Welcome to Myth #3: "Ruby is too hard." Honest, I am not making this up. People do seriously argue that Ruby is too hard for the average developer. This is problematic in many ways.

1. Programming itself is hard. It is not for dummies, and you cannot learn to do it in 21 days. Programming languages may have a gentle learning curve, but hard problems will require hard thinking in any language.

2. In what serious discipline is "It's too hard" a legitimate excuse? I have never seen a bank that eschews multiplication: "We use repeated addition here--multiplication was too hard for our junior staffers." And I would be uncomfortable if my surgeon said "I refuse to perform procedures developed in the last 10 years--it is just too hard for me to learn new techniques."

3. Java and Ruby are both hard. I have heard the same argument made about which features to use within Java: "We don't use reflection, it is too hard to understand."

4. "We use idiot-proof tools and save money by hiring the cheapest idiots" is simply not true because there are no idiot-proof tools. Even as wishful thinking this idea sucks. It won't impress customers, and the effect on morale is easy to imagine.
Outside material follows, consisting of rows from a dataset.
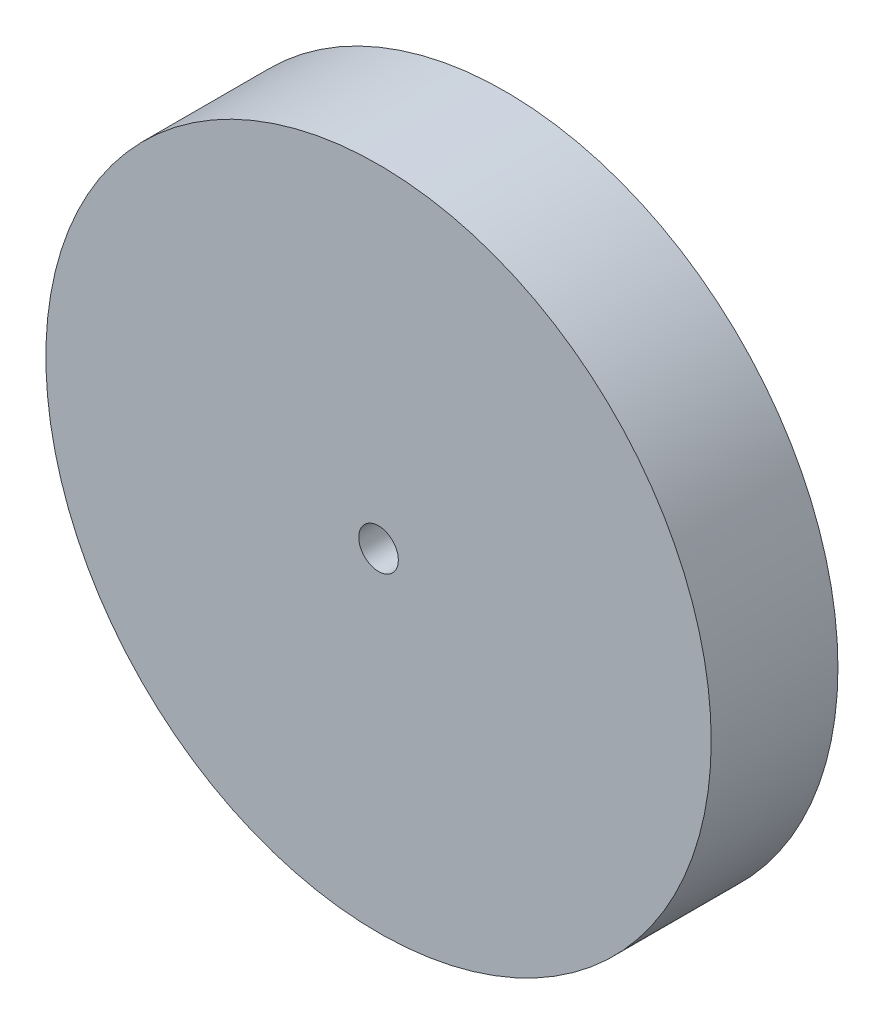
SolidWorks part; units mm, degrees
ref_plane "Front Plane" through (0, 0, 0) normal (0, 0, 1) x (1, 0, 0)
ref_plane "Top Plane" through (0, 0, 0) normal (0, 1, 0) x (1, 0, 0)
ref_plane "Right Plane" through (0, 0, 0) normal (1, 0, 0) x (0, 0, -1)
sketch "Sketch1" plane through (0, 0, 0) normal (0, 0, 1) x (1, 0, 0)
  circle A0 centre (0, 0) radius 21
extrude "Boss-Extrude1" add sketch "Sketch1" along normal blind 8
sketch "Sketch2" plane through (0, 0, 8) normal (0, 0, 1) x (1, 0, 0)
  circle A0 centre (0, 0) radius 1.25
extrude "Cut-Extrude1" cut sketch "Sketch2" against normal blind 8
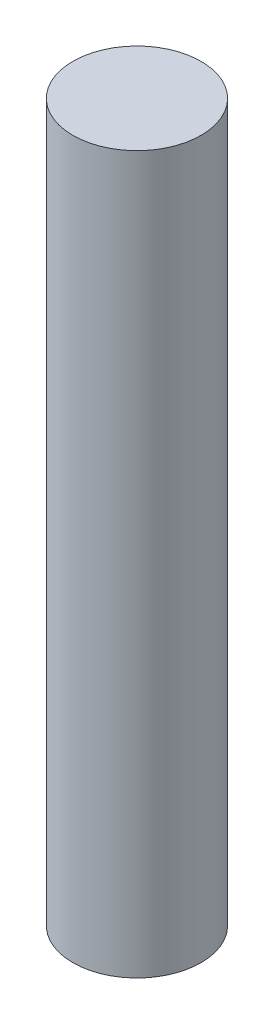
SolidWorks part; units mm, degrees
ref_plane "Front Plane" through (0, 0, 0) normal (0, 0, 1) x (1, 0, 0)
ref_plane "Top Plane" through (0, 0, 0) normal (0, 1, 0) x (1, 0, 0)
ref_plane "Right Plane" through (0, 0, 0) normal (1, 0, 0) x (0, 0, -1)
sketch "Sketch1" plane through (0, 0, 0) normal (0, 1, 0) x (1, 0, 0)
  circle A0 centre (0, 0) radius 5
extrude "Boss-Extrude1" add sketch "Sketch1" along normal blind 55.88
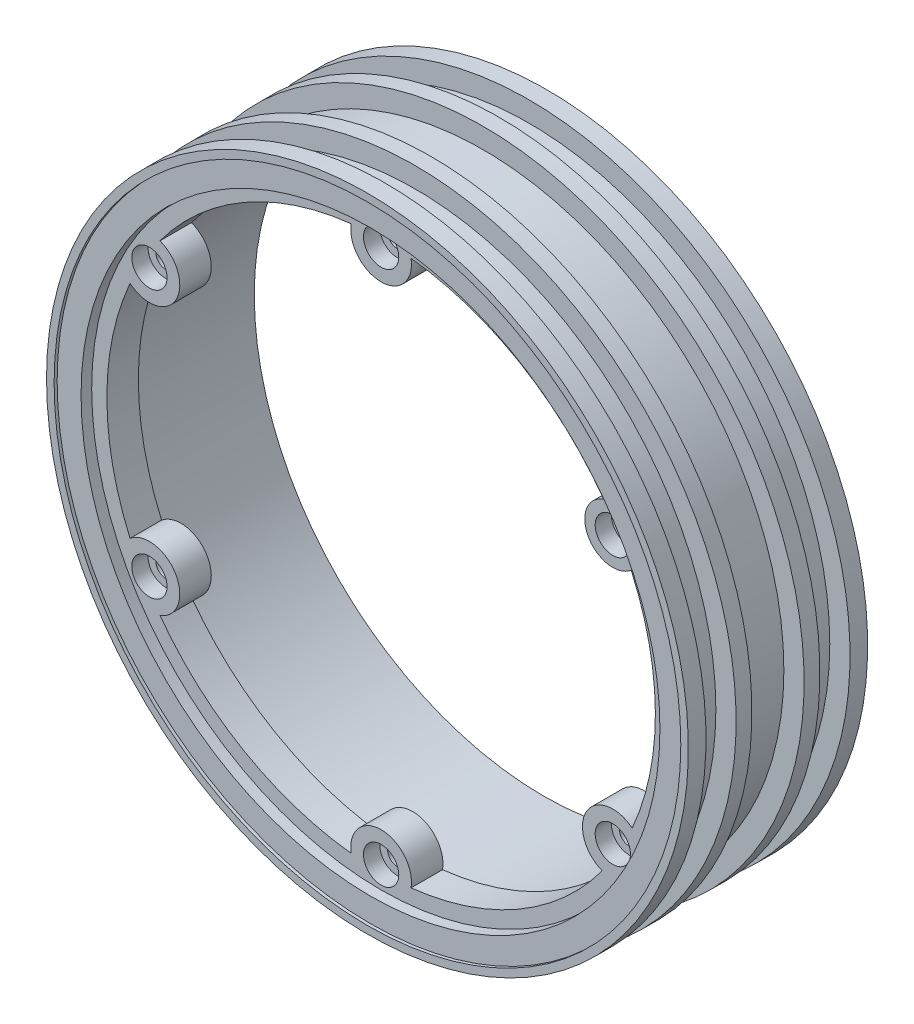
SolidWorks part; units mm, degrees
ref_plane "Piano frontale" through (0, 0, 0) normal (0, 0, 1) x (1, 0, 0)
ref_plane "Piano superiore" through (0, 0, 0) normal (0, 1, 0) x (1, 0, 0)
ref_plane "Piano destro" through (0, 0, 0) normal (1, 0, 0) x (0, 0, -1)
sketch "Schizzo1" plane through (0, 0, 0) normal (1, 0, 0) x (0, 0, -1)
  line L0 (0, 0) -> (0, 38.135) construction
  line L1 (-11.41, 38.135) -> (11.41, 38.135)
  line L2 (11.41, 38.135) -> (11.41, 41.285)
  line L3 (11.41, 41.285) -> (11.81, 41.285)
  line L4 (11.81, 41.285) -> (11.81, 42.285)
  line L5 (11.81, 42.285) -> (9.49, 42.285)
  line L6 (9.49, 42.285) -> (9.49, 39.615)
  line L7 (9.49, 39.615) -> (5.52, 39.615)
  line L8 (5.52, 39.615) -> (5.52, 42.285)
  line L9 (5.52, 42.285) -> (3.44, 42.285)
  line L10 (3.44, 42.285) -> (3.44, 39.615)
  line L11 (3.44, 39.615) -> (-3.44, 39.615)
  line L12 (0, 38.135) -> (0, 48.0242) construction
  line L13 (-3.44, 42.285) -> (-3.44, 39.615)
  line L14 (-5.52, 42.285) -> (-3.44, 42.285)
  line L15 (-5.52, 39.615) -> (-5.52, 42.285)
  line L16 (-9.49, 39.615) -> (-5.52, 39.615)
  line L17 (-9.49, 42.285) -> (-9.49, 39.615)
  line L18 (-11.81, 42.285) -> (-9.49, 42.285)
  line L19 (-11.81, 41.285) -> (-11.81, 42.285)
  line L20 (-11.41, 41.285) -> (-11.81, 41.285)
  line L21 (-11.41, 38.135) -> (-11.41, 41.285)
  line L22 (0, 0) -> (-35.9584, 0) construction
  point P16 (0, 39.615)
  dimension "D1" = 23.62
  dimension "D2" = 0.4
  dimension "D3" = 3.97
  dimension "D4" = 6.88
  dimension "D5" = 2.67
  dimension "D6" = 2.32
  dimension "D7" = 4.15
  dimension "D8" = 1
  dimension "D9" = 84.57
revolve "Rivoluzione1" add sketch "Schizzo1" angle 360 about L22
ref_plane "Piano1" through (0, 0, 10.01) normal (0, 0, 1) x (1, 0, 0)
sketch "Schizzo2" plane through (0, 0, 10.01) normal (0, 0, 1) x (1, 0, 0)
  circle A0 centre (0, 0) radius 38.135 construction
  circle A1 centre (0, 0) radius 38.135
  arc A2 (-33.0787, 14.5443) -> (-33.0787, -14.5443) centre (0, 0) ccw
  circle A3 centre (0, 0) radius 35.25 construction
  circle A4 centre (0, 35.25) radius 1.3
  arc A5 (-3.9436, 35.9192) -> (3.9436, 35.9192) centre (0, 35.25) ccw
  arc A6 (33.0787, -14.5443) -> (32.9493, 14.8351) centre (0, 0) ccw
  circle A7 centre (30.5274, 17.625) radius 1.3
  arc A8 (33.0787, -14.5443) -> (29.1351, -21.3749) centre (30.5274, -17.625) ccw
  circle A9 centre (30.5274, -17.625) radius 1.3
  arc A10 (3.9436, -35.9192) -> (-3.9436, -35.9192) centre (0, -35.25) ccw
  circle A11 centre (0, -35.25) radius 1.3
  arc A12 (-29.1351, -21.3749) -> (-33.0787, -14.5443) centre (-30.5274, -17.625) ccw
  circle A13 centre (-30.5274, -17.625) radius 1.3
  arc A14 (-33.0787, 14.5443) -> (-29.1351, 21.3749) centre (-30.5274, 17.625) ccw
  circle A15 centre (-30.5274, 17.625) radius 1.3
  circle A16 centre (0, 0) radius 36.135 construction
  arc A17 (29.3223, 21.1174) -> (32.9493, 14.8351) centre (30.5274, 17.625) ccw
  arc A18 (-3.9436, 35.9192) -> (-29.1351, 21.3749) centre (0, 0) ccw
  arc A19 (33.8202, 15.3539) -> (33.0576, 20.7231) centre (30.5274, 17.625) ccw [skipped]
  arc A20 (29.3223, 21.1174) -> (3.9436, 35.9192) centre (0, 0) ccw
  arc A21 (3.9436, -35.9192) -> (29.1351, -21.3749) centre (0, 0) ccw
  arc A22 (-29.1351, -21.3749) -> (-3.9436, -35.9192) centre (0, 0) ccw
  point P27 (0, 0)
  dimension "D2" = 70.5
  dimension "D3" = 2.6
  dimension "D4" = 8
  dimension "D1" = 2
  dimension "D5" = 6
extrude "Estrusione-Estrusione1" add sketch "Schizzo2" against normal blind 4.15
sketch "Schizzo3" plane through (0, 0, 10.01) normal (0, 0, -1) x (-1, 0, 0)
  circle A0 centre (30.5274, -17.625) radius 2.325
  circle A1 centre (0, -35.25) radius 2.325
  circle A2 centre (-30.5274, -17.625) radius 2.325
  circle A3 centre (-30.5274, 17.625) radius 2.325
  circle A4 centre (0, 35.25) radius 2.325
  circle A5 centre (30.5274, 17.625) radius 2.325
  point P16 (0, 0)
  dimension "D1" = 4.65
  dimension "D2" = 6
extrude "Taglio-Estrusione1" cut sketch "Schizzo3" along normal blind 2.15

5. You cannot wish away difficulty by limiting language features. If a language omits a feature that developers need, they will find a way to simulate it. This can happen on a small scale: Start without blocks, and you end up with anonymous inner classes. Or on a medium scale: Start without implementation mixins, and you end up with design patterns as code smells. Or even on a grand scale: Start with no trivial way to compose dynamic systems, and you will end up with an enormous framework that requires a second language for tedious, error-prone configuration.

This last point leads to the circular framework argument:

  1. We cannot use language Hund. We need simple language Blub that everyone can understand.
  2. Ruh-roh. Blub is not powerful enough. We must build an elaborate framework for enterprise work.
  3. Blub doesn't have an elaborate framework! How can we possibly use it for enterprise development?!

More than half of the code in every Java enterprise framework exists purely to work around well-known, deliberately chosen limitations at the language level. Smart Java developers have paid a staggering price to prop up the illusion that the Java language is easy.

Perhaps this is all water under the bridge. The price has been paid, and Java works. Expert Java developers can do incredible things. Those of us in the Java community should be proud of the great code we have written, in spite of the incredible difficulty of Java development.

But we shouldn't, in the next breath, say "Ruby is too hard." I for one would have trouble holding a straight face.

Comments
  1. BillJune 05, 2007 @ 06:29 PM

    Actually, I completely agree with the ruby is hard statement.

    As I said in another post. Look at a good java programmer and check how used his language texts are. Then look at a good Ruby programmer.

    The java programmer hasn’t cracked a textbook in years, the ruby programmer uses his once a week.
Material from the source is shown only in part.